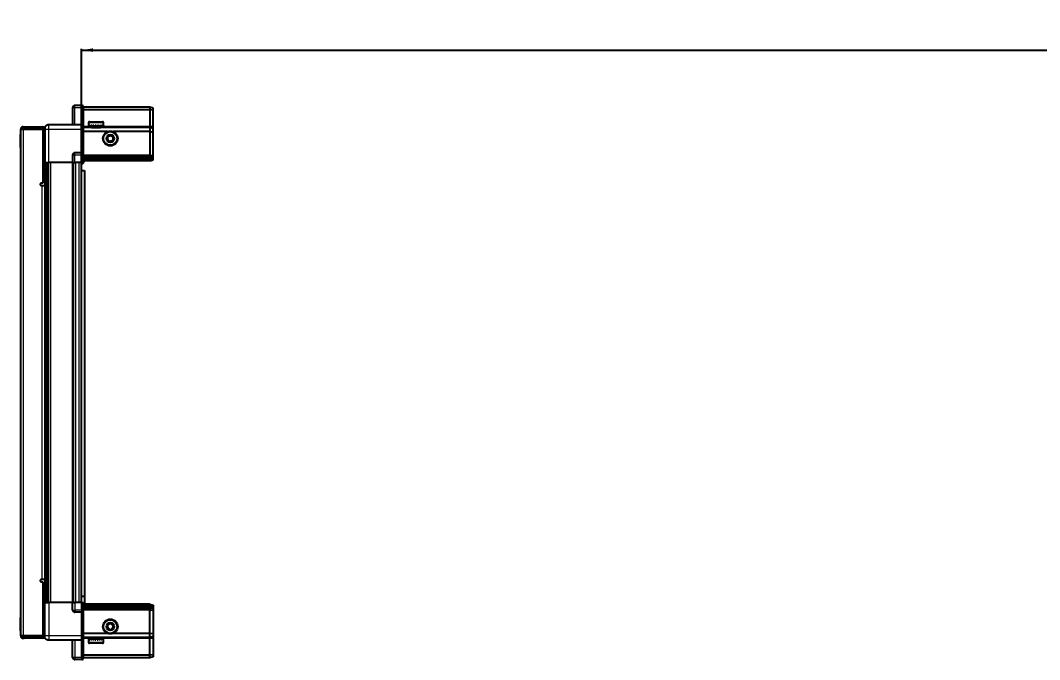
# Model space of a CAD drawing. Header units: millimetres. Extents: x 1315 to 6247, y -1323 to 1607.
# Drawn here: x 2843 to 3737, y 933 to 1494 of the extents above; entities that cross this region are included whole.
import ezdxf

# ---------------------------------------------------------------- set-up
doc = ezdxf.new("R2010")
doc.units = ezdxf.units.MM
doc.layers.add('FORMAT', color=7, linetype='Continuous')
doc.styles.add('SLDTEXTSTYLE0', font='TXT', dxfattribs={"width": 0.75})
doc.dimstyles.new('SLDDIMSTYLE0', dxfattribs={"dimtxt": 20, "dimasz": 10, "dimexe": 0, "dimexo": 0.0625, "dimgap": 5, "dimtad": 2, "dimdec": 1, "dimrnd": 1e-09, "dimzin": 12, "dimdsep": 46, "dimtxsty": 'SLDTEXTSTYLE0', "dimsah": 1, "dimcen": 0.09, "dimadec": 0, "dimazin": 3, "dimtfac": 1, "dimtofl": 0, "dimtmove": 0, "dimatfit": 3, "dimfxl": 0, "dimfrac": 2, "dimtolj": 1, "dimtzin": 12, "dimarcsym": 0})

# ---------------------------------------------------------------- blocks, each defined once
blk = doc.blocks.new('_D_5')
at = {"layer": 'FORMAT'}
for p, q in [((2896.98, 1369.33), (2896.98, 1468.82)), ((2896.98, 1467.82), (4796.98, 1467.82)), ((4796.98, 1369.33), (4796.98, 1468.82))]:
    blk.add_line(p, q, dxfattribs=at)
for points in [[(2896.98, 1467.82), (2906.98, 1466.28), (2906.98, 1469.36)], [(4796.98, 1467.82), (4786.98, 1469.36), (4786.98, 1466.28)]]:
    blk.add_solid(points, dxfattribs=at)
at = {"layer": 'FORMAT', "insert": (3817.42, 1493.6), "char_height": 20, "attachment_point": 1, "style": 'SLDTEXTSTYLE0'}
blk.add_mtext('1900', dxfattribs=at)

msp = doc.modelspace()

# ---------------------------------------------------------------- linework, layer by layer
at = {"color": 7, "linetype": 'Continuous', "lineweight": 25}
for p, q in [((2889.13, 1417.32), (2889.13, 1402.32)), ((2897.13, 1419.32), (2891.13, 1419.32)), ((2897.13, 1419.32), (2897.46, 1419.32)), ((2897.13, 1419.32), (2897.13, 1417.32)), ((2897.13, 1402.52), (2897.13, 1417.32)), ((2897.13, 1402.52), (2897.13, 1417.32)), ((2898.33, 1418.82), (2897.46, 1419.32)), ((2898.33, 1417.32), (2898.33, 1418.82)), ((2956.63, 1417.82), (2898.33, 1417.82)), ((2898.33, 1417.32), (2898.33, 1402.52)), ((2956.63, 1415.32), (2898.33, 1415.32)), ((2956.63, 1417.82), (2956.63, 1415.32)), ((2959.63, 1417.02), (2956.63, 1417.82)), ((2956.63, 1415.32), (2956.63, 1400.82)), ((2959.63, 1415.17), (2956.63, 1415.32)), ((2959.63, 1415.17), (2959.63, 1417.02)), ((2959.63, 1400.82), (2959.63, 1415.17)), ((2897.13, 1402.32), (2868.13, 1402.32)), ((2897.13, 1402.32), (2897.13, 1402.52)), ((2897.13, 1402.32), (2898.33, 1402.32)), ((2897.13, 1398.32), (2897.13, 1402.32)), ((2898.33, 1402.52), (2898.33, 1402.32)), ((2898.33, 1402.32), (2898.33, 1398.32)), ((2903.13, 1404.22), (2903.13, 1401.82)), ((2903.93, 1405.02), (2911.09, 1405.02)), ((2911.09, 1405.02), (2915.33, 1405.02)), ((2916.13, 1401.82), (2916.13, 1404.22)), ((2843.63, 1393.96), (2843.33, 1393.96)), ((2843.33, 1382.39), (2843.33, 1393.96)), ((2845.13, 1398.47), (2843.63, 1398.47)), ((2843.63, 1397.97), (2843.63, 1398.47)), ((2843.63, 954.67), (2843.63, 1397.97)), ((2845.73, 1399.07), (2845.73, 1400.57)), ((2845.73, 1400.57), (2846.63, 1400.57)), ((2845.73, 1399.07), (2846.63, 1399.07)), ((2845.73, 1398.57), (2863.13, 1398.57)), ((2846.63, 1400.57), (2863.13, 1400.57)), ((2846.63, 1399.07), (2846.63, 1400.57)), ((2846.63, 1399.07), (2863.13, 1399.07)), ((2863.13, 1399.07), (2863.13, 1400.57)), ((2864.63, 1398.57), (2863.13, 1398.57)), ((2863.13, 1398.57), (2863.13, 1351.07)), ((2864.63, 1398.32), (2864.63, 1369.32)), ((2897.13, 1378.02), (2897.13, 1398.32)), ((2956.63, 1399.82), (2898.33, 1399.82)), ((2898.33, 1398.32), (2898.33, 1378.02)), ((2919.63, 1396.32), (2898.33, 1396.32)), ((2903.13, 1401.82), (2903.13, 1401.32)), ((2903.13, 1401.32), (2903.26, 1401.32)), ((2903.45, 1401.82), (2903.26, 1401.82)), ((2903.26, 1401.82), (2903.26, 1401.32)), ((2903.26, 1401.32), (2903.45, 1401.32)), ((2903.45, 1401.82), (2903.45, 1401.32)), ((2903.45, 1401.32), (2903.98, 1401.32)), ((2904.38, 1401.82), (2903.98, 1401.82)), ((2903.98, 1401.82), (2903.98, 1401.32)), ((2903.98, 1401.32), (2904.38, 1401.32)), ((2904.38, 1401.82), (2904.38, 1401.32)), ((2904.38, 1401.32), (2905.25, 1401.32)), ((2905.23, 1401.32), (2905.23, 1401.22)), ((2905.23, 1401.22), (2914.03, 1401.22)), ((2905.82, 1401.82), (2905.25, 1401.82)), ((2905.25, 1401.82), (2905.25, 1401.32)), ((2905.25, 1401.32), (2905.82, 1401.32)), ((2905.63, 1400.82), (2906.32, 1400.34)), ((2905.63, 1400.82), (2910.66, 1400.82)), ((2906.32, 1400.34), (2905.63, 1399.86)), ((2905.63, 1399.86), (2905.63, 1399.82)), ((2905.63, 1399.86), (2910.66, 1399.86)), ((2905.82, 1401.82), (2905.82, 1401.32)), ((2905.82, 1401.32), (2906.95, 1401.32)), ((2906.32, 1400.34), (2910.48, 1400.34)), ((2907.64, 1401.82), (2906.95, 1401.82)), ((2906.95, 1401.82), (2906.95, 1401.32)), ((2906.95, 1401.32), (2907.64, 1401.32)), ((2907.64, 1401.82), (2907.64, 1401.32)), ((2907.64, 1401.32), (2908.91, 1401.32)), ((2909.65, 1401.82), (2908.91, 1401.82)), ((2908.91, 1401.82), (2908.91, 1401.32)), ((2908.91, 1401.32), (2909.14, 1401.32)), ((2909.14, 1401.82), (2909.14, 1401.32)), ((2909.64, 1401.82), (2909.64, 1401.32)), ((2909.64, 1401.32), (2909.65, 1401.32)), ((2909.65, 1401.82), (2909.65, 1401.32)), ((2909.65, 1401.32), (2910.94, 1401.32)), ((2910.48, 1400.34), (2912.94, 1400.34)), ((2910.66, 1400.82), (2913.63, 1400.82)), ((2910.66, 1399.86), (2913.63, 1399.86)), ((2911.65, 1401.82), (2910.94, 1401.82)), ((2910.94, 1401.82), (2910.94, 1401.32)), ((2911, 1401.82), (2911, 1401.32)), ((2911, 1401.32), (2911.65, 1401.32)), ((2911.65, 1401.82), (2911.65, 1401.32)), ((2911.65, 1401.32), (2912.84, 1401.32)), ((2913.46, 1401.82), (2912.84, 1401.82)), ((2912.84, 1401.82), (2912.84, 1401.32)), ((2912.84, 1401.32), (2913.46, 1401.32)), ((2912.94, 1400.34), (2913.63, 1400.82)), ((2913.63, 1399.86), (2912.94, 1400.34)), ((2913.46, 1401.82), (2913.46, 1401.32)), ((2913.46, 1401.32), (2914.43, 1401.32)), ((2913.63, 1399.82), (2913.63, 1399.86)), ((2914.03, 1401.22), (2914.03, 1401.32)), ((2914.9, 1401.82), (2914.43, 1401.82)), ((2914.43, 1401.82), (2914.43, 1401.32)), ((2914.43, 1401.32), (2914.9, 1401.32)), ((2914.9, 1401.82), (2914.9, 1401.32)), ((2914.9, 1401.32), (2915.55, 1401.32)), ((2915.82, 1401.82), (2915.55, 1401.82)), ((2915.55, 1401.82), (2915.55, 1401.32)), ((2915.55, 1401.32), (2915.82, 1401.32)), ((2915.82, 1401.82), (2915.82, 1401.32)), ((2915.82, 1401.32), (2916.09, 1401.32)), ((2916.13, 1401.82), (2916.09, 1401.82)), ((2916.09, 1401.82), (2916.09, 1401.32)), ((2916.09, 1401.32), (2916.13, 1401.32)), ((2916.13, 1401.82), (2916.13, 1401.32)), ((2956.63, 1396.32), (2924.63, 1396.32)), ((2956.63, 1400.82), (2956.63, 1399.82)), ((2956.63, 1399.82), (2956.63, 1396.32)), ((2959.63, 1399.02), (2956.63, 1399.82)), ((2956.63, 1396.32), (2956.63, 1375.82)), ((2956.63, 1396.32), (2959.63, 1395.99)), ((2959.63, 1399.02), (2959.63, 1400.82)), ((2959.63, 1395.99), (2959.63, 1399.02)), ((2959.63, 1375.82), (2959.63, 1395.99)), ((2843.33, 1382.39), (2843.63, 1382.39)), ((2889.13, 1375.82), (2889.13, 1369.32)), ((2897.13, 1377.82), (2891.13, 1377.82)), ((2897.13, 1377.82), (2897.13, 1378.02)), ((2897.13, 1377.82), (2897.13, 1375.82)), ((2897.13, 1377.82), (2898.33, 1377.82)), ((2897.13, 1369.32), (2897.13, 1375.82)), ((2897.13, 1369.32), (2897.13, 1375.82)), ((2897.46, 1369.32), (2897.46, 1375.82)), ((2898.33, 1378.02), (2898.33, 1377.82)), ((2898.33, 1377.15), (2898.33, 1377.82)), ((2898.33, 1377.15), (2898.33, 1369.32)), ((2956.63, 1375.82), (2956.63, 1374.82)), ((2959.63, 1374.02), (2959.63, 1375.82)), ((2863.13, 1372.07), (2864.63, 1372.07)), ((2864.63, 1369.32), (2863.13, 1369.32)), ((2865.28, 983.32), (2865.28, 1369.32)), ((2867.07, 1369.32), (2867.07, 983.32)), ((2867.1, 1369.32), (2867.1, 983.32)), ((2889.13, 1369.32), (2868.13, 1369.32)), ((2889.13, 1369.32), (2891.13, 1369.32)), ((2889.78, 983.32), (2889.78, 1369.32)), ((2897.13, 1369.32), (2891.13, 1369.32)), ((2896.98, 983.32), (2896.98, 1369.32)), ((2897.13, 1369.32), (2897.46, 1369.32)), ((2897.13, 1369.32), (2897.13, 1369.32)), ((2898.33, 1369.32), (2897.46, 1369.32)), ((2897.46, 1369.32), (2897.46, 1369.32)), ((2956.63, 1374.82), (2898.33, 1374.82)), ((2956.63, 1373.82), (2898.33, 1373.82)), ((2956.63, 1372.32), (2898.33, 1372.32)), ((2956.63, 1370.82), (2898.33, 1370.82)), ((2956.63, 1374.82), (2956.63, 1373.82)), ((2956.63, 1374.82), (2959.63, 1374.02)), ((2956.63, 1373.82), (2956.63, 1372.32)), ((2956.63, 1373.82), (2959.63, 1373.28)), ((2956.63, 1372.32), (2959.63, 1372.78)), ((2956.63, 1372.32), (2956.63, 1370.82)), ((2956.63, 1370.82), (2959.63, 1371.63)), ((2959.63, 1373.28), (2959.63, 1374.02)), ((2959.63, 1372.78), (2959.63, 1373.28)), ((2959.63, 1371.63), (2959.63, 1372.78)), ((2896.98, 1362.32), (2899.48, 1362.32)), ((2899.48, 1362.32), (2899.48, 988.82)), ((2863.13, 1351.07), (2861.78, 1351.07)), ((2861.78, 1349.07), (2862.53, 1349.07)), ((2862.53, 1349.07), (2864.63, 1349.07)), ((2864.63, 1349.07), (2864.63, 1003.57)), ((2862.53, 1003.57), (2861.78, 1003.57)), ((2861.78, 1001.57), (2863.13, 1001.57)), ((2864.63, 1003.57), (2862.53, 1003.57)), ((2863.13, 1001.57), (2863.13, 954.07)), ((2864.63, 983.32), (2863.13, 983.32)), ((2864.63, 954.32), (2864.63, 983.32)), ((2889.13, 983.32), (2868.13, 983.32)), ((2889.13, 976.82), (2889.13, 983.32)), ((2889.13, 983.32), (2891.13, 983.32)), ((2897.13, 983.32), (2891.13, 983.32)), ((2899.48, 988.82), (2896.98, 988.82)), ((2897.13, 976.82), (2897.13, 983.32)), ((2897.13, 983.32), (2897.46, 983.32)), ((2897.46, 976.82), (2897.46, 983.32)), ((2897.46, 983.32), (2898.33, 983.32)), ((2898.33, 983.32), (2898.33, 975.5)), ((2899.48, 988.82), (2899.48, 981.82)), ((2864.63, 980.57), (2863.13, 980.57)), ((2897.13, 974.82), (2891.13, 974.82)), ((2897.13, 976.82), (2897.13, 974.82)), ((2897.13, 976.82), (2897.13, 974.82)), ((2897.13, 974.82), (2898.33, 974.82)), ((2897.13, 974.62), (2897.13, 974.82)), ((2897.13, 954.32), (2897.13, 974.62)), ((2956.63, 981.82), (2898.33, 981.82)), ((2956.63, 980.32), (2898.33, 980.32)), ((2956.63, 978.82), (2898.33, 978.82)), ((2956.63, 977.82), (2898.33, 977.82)), ((2898.33, 974.82), (2898.33, 975.5)), ((2898.33, 974.82), (2898.33, 974.62)), ((2898.33, 974.62), (2898.33, 954.32)), ((2956.63, 980.32), (2956.63, 981.82)), ((2956.63, 981.82), (2959.63, 981.02)), ((2956.63, 978.82), (2956.63, 980.32)), ((2956.63, 980.32), (2959.63, 979.87)), ((2956.63, 978.82), (2959.63, 979.37)), ((2956.63, 977.82), (2956.63, 978.82)), ((2956.63, 977.82), (2959.63, 978.63)), ((2956.63, 976.82), (2956.63, 977.82)), ((2956.63, 956.32), (2956.63, 976.82)), ((2959.63, 981.02), (2959.63, 979.87)), ((2959.63, 979.87), (2959.63, 979.37)), ((2959.63, 979.37), (2959.63, 978.63)), ((2959.63, 978.63), (2959.63, 976.82)), ((2959.63, 976.82), (2959.63, 956.66)), ((2843.63, 970.26), (2843.33, 970.26)), ((2843.33, 960.58), (2843.33, 970.26)), ((2843.33, 958.69), (2843.33, 960.58)), ((2843.33, 958.69), (2843.63, 958.69)), ((2919.63, 956.32), (2898.33, 956.32)), ((2956.63, 956.32), (2924.63, 956.32)), ((2956.63, 956.32), (2959.63, 956.66)), ((2956.63, 952.82), (2956.63, 956.32)), ((2959.63, 956.66), (2959.63, 953.63)), ((2843.63, 954.17), (2843.63, 954.67)), ((2845.13, 954.17), (2843.63, 954.17)), ((2863.13, 954.07), (2845.73, 954.07)), ((2845.73, 953.57), (2845.73, 952.07)), ((2845.73, 953.57), (2846.63, 953.57)), ((2845.73, 952.07), (2846.63, 952.07)), ((2846.63, 953.57), (2846.63, 952.07)), ((2863.13, 953.57), (2846.63, 953.57)), ((2863.13, 952.07), (2846.63, 952.07)), ((2863.13, 954.07), (2864.63, 954.07)), ((2863.13, 953.57), (2863.13, 952.07)), ((2897.13, 950.32), (2868.13, 950.32)), ((2889.13, 935.32), (2889.13, 950.32)), ((2897.13, 950.32), (2897.13, 954.32)), ((2897.13, 950.32), (2898.33, 950.32)), ((2897.13, 950.12), (2897.13, 950.32)), ((2897.13, 935.32), (2897.13, 950.12)), ((2898.33, 954.32), (2898.33, 950.32)), ((2956.63, 952.82), (2898.33, 952.82)), ((2898.33, 950.32), (2898.33, 950.12)), ((2898.33, 950.12), (2898.33, 935.32)), ((2903.13, 951.32), (2903.13, 948.42)), ((2903.22, 951.32), (2903.13, 951.32)), ((2903.22, 950.82), (2903.22, 951.32)), ((2903.39, 951.32), (2903.22, 951.32)), ((2903.22, 950.82), (2903.39, 950.82)), ((2903.39, 950.82), (2903.39, 951.32)), ((2903.88, 951.32), (2903.39, 951.32)), ((2903.88, 950.82), (2903.88, 951.32)), ((2904.26, 951.32), (2903.88, 951.32)), ((2903.88, 950.82), (2904.26, 950.82)), ((2904.08, 947.62), (2903.93, 947.62)), ((2915.33, 947.62), (2904.08, 947.62)), ((2904.26, 950.82), (2904.26, 951.32)), ((2905.1, 951.32), (2904.26, 951.32)), ((2905.1, 950.82), (2905.1, 951.32)), ((2905.66, 951.32), (2905.1, 951.32)), ((2905.1, 950.82), (2905.66, 950.82)), ((2905.23, 951.42), (2905.23, 951.32)), ((2910.62, 951.42), (2905.23, 951.42)), ((2905.63, 952.82), (2905.63, 952.79)), ((2905.63, 952.79), (2906.32, 952.31)), ((2905.73, 952.79), (2905.63, 952.79)), ((2906.32, 952.31), (2905.63, 951.82)), ((2905.73, 951.82), (2905.63, 951.82)), ((2905.66, 950.82), (2905.66, 951.32)), ((2906.76, 951.32), (2905.66, 951.32)), ((2913.63, 952.79), (2905.73, 952.79)), ((2913.63, 951.82), (2905.73, 951.82)), ((2906.4, 952.31), (2906.32, 952.31)), ((2912.94, 952.31), (2906.4, 952.31)), ((2906.76, 950.82), (2906.76, 951.32)), ((2907.44, 951.32), (2906.76, 951.32)), ((2906.76, 950.82), (2907.44, 950.82)), ((2907.44, 950.82), (2907.44, 951.32)), ((2908.71, 951.32), (2907.44, 951.32)), ((2908.71, 950.82), (2908.71, 951.32)), ((2909, 951.32), (2908.71, 951.32)), ((2908.71, 950.82), (2909.44, 950.82)), ((2909, 950.82), (2909, 951.32)), ((2909.44, 950.82), (2909.44, 951.32)), ((2910.74, 951.32), (2909.44, 951.32)), ((2914.03, 951.42), (2910.62, 951.42)), ((2910.74, 950.82), (2910.74, 951.32)), ((2910.74, 950.82), (2911.46, 950.82)), ((2910.87, 950.82), (2910.87, 951.32)), ((2911.46, 951.32), (2910.87, 951.32)), ((2911.46, 950.82), (2911.46, 951.32)), ((2912.66, 951.32), (2911.46, 951.32)), ((2912.66, 950.82), (2912.66, 951.32)), ((2913.3, 951.32), (2912.66, 951.32)), ((2912.66, 950.82), (2913.3, 950.82)), ((2912.94, 952.31), (2913.63, 952.79)), ((2913.63, 951.82), (2912.94, 952.31)), ((2913.3, 950.82), (2913.3, 951.32)), ((2914.29, 951.32), (2913.3, 951.32)), ((2913.63, 952.79), (2913.63, 952.82)), ((2914.03, 951.32), (2914.03, 951.42)), ((2914.29, 950.82), (2914.29, 951.32)), ((2914.77, 951.32), (2914.29, 951.32)), ((2914.29, 950.82), (2914.77, 950.82)), ((2914.77, 950.82), (2914.77, 951.32)), ((2915.46, 951.32), (2914.77, 951.32)), ((2915.46, 950.82), (2915.46, 951.32)), ((2915.75, 951.32), (2915.46, 951.32)), ((2915.46, 950.82), (2915.75, 950.82)), ((2915.75, 950.82), (2915.75, 951.32)), ((2916.06, 951.32), (2915.75, 951.32)), ((2916.06, 950.82), (2916.06, 951.32)), ((2916.12, 951.32), (2916.06, 951.32)), ((2916.06, 950.82), (2916.12, 950.82)), ((2916.12, 950.82), (2916.12, 951.32)), ((2916.13, 951.32), (2916.12, 951.32)), ((2916.13, 948.42), (2916.13, 951.32)), ((2959.63, 953.63), (2956.63, 952.82)), ((2956.63, 951.82), (2956.63, 952.82)), ((2956.63, 937.32), (2956.63, 951.82)), ((2959.63, 953.63), (2959.63, 951.82)), ((2959.63, 951.82), (2959.63, 937.48)), ((2897.13, 933.32), (2891.13, 933.32)), ((2897.13, 935.32), (2897.13, 933.32)), ((2897.13, 933.32), (2897.46, 933.32)), ((2897.13, 933.32), (2897.46, 933.32)), ((2897.13, 933.32), (2897.13, 933.32)), ((2897.46, 933.32), (2898.33, 933.82)), ((2897.46, 933.32), (2898.33, 933.82)), ((2956.63, 937.32), (2898.33, 937.32)), ((2898.33, 933.82), (2898.33, 935.32)), ((2956.63, 934.82), (2898.33, 934.82)), ((2959.63, 937.48), (2956.63, 937.32)), ((2956.63, 934.82), (2956.63, 937.32)), ((2959.63, 935.63), (2956.63, 934.82)), ((2959.63, 937.48), (2959.63, 935.63))]:
    msp.add_line(p, q, dxfattribs=at)
at = {"color": 8, "linetype": 'Continuous', "lineweight": 18}
for p, q in [((2891.13, 1417.32), (2889.13, 1417.32)), ((2891.13, 1417.32), (2891.13, 1419.32)), ((2891.13, 1402.32), (2891.13, 1417.32)), ((2897.13, 1417.32), (2891.13, 1417.32)), ((2897.13, 1417.32), (2898.33, 1417.32)), ((2897.13, 1402.52), (2898.33, 1402.52)), ((2903.13, 1404.22), (2911.3, 1404.22)), ((2911.3, 1404.22), (2916.13, 1404.22)), ((2845.73, 1398.57), (2845.73, 954.07)), ((2868.13, 1369.32), (2868.13, 1398.32)), ((2897.13, 1398.32), (2868.13, 1398.32)), ((2897.13, 1398.32), (2898.33, 1398.32)), ((2905.63, 1400.82), (2898.33, 1400.82)), ((2956.63, 1400.82), (2913.63, 1400.82)), ((2959.63, 1400.82), (2956.63, 1400.82)), ((2889.13, 1375.82), (2891.13, 1375.82)), ((2891.13, 1375.82), (2891.13, 1377.82)), ((2891.13, 1369.32), (2891.13, 1375.82)), ((2897.13, 1375.82), (2891.13, 1375.82)), ((2897.13, 1378.02), (2898.33, 1378.02)), ((2897.13, 1375.82), (2897.46, 1375.82)), ((2956.63, 1375.82), (2898.33, 1375.82)), ((2956.63, 1375.82), (2959.63, 1375.82)), ((2864.63, 1349.07), (2864.63, 1369.32)), ((2865.86, 1369.32), (2865.86, 983.32)), ((2868.31, 983.32), (2868.31, 1369.32)), ((2869.72, 1369.32), (2869.72, 983.32)), ((2889.13, 983.32), (2889.13, 1369.32)), ((2891.78, 983.32), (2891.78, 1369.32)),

• WORK ITEM
Which of the lines in the material carry the string "units"? Pull them out.

• ANSWER TO THIS PROBLEM
# Model space of a CAD drawing. Header units: millimetres. Extents: x 1315 to 6247, y -1323 to 1607.
doc.units = ezdxf.units.MM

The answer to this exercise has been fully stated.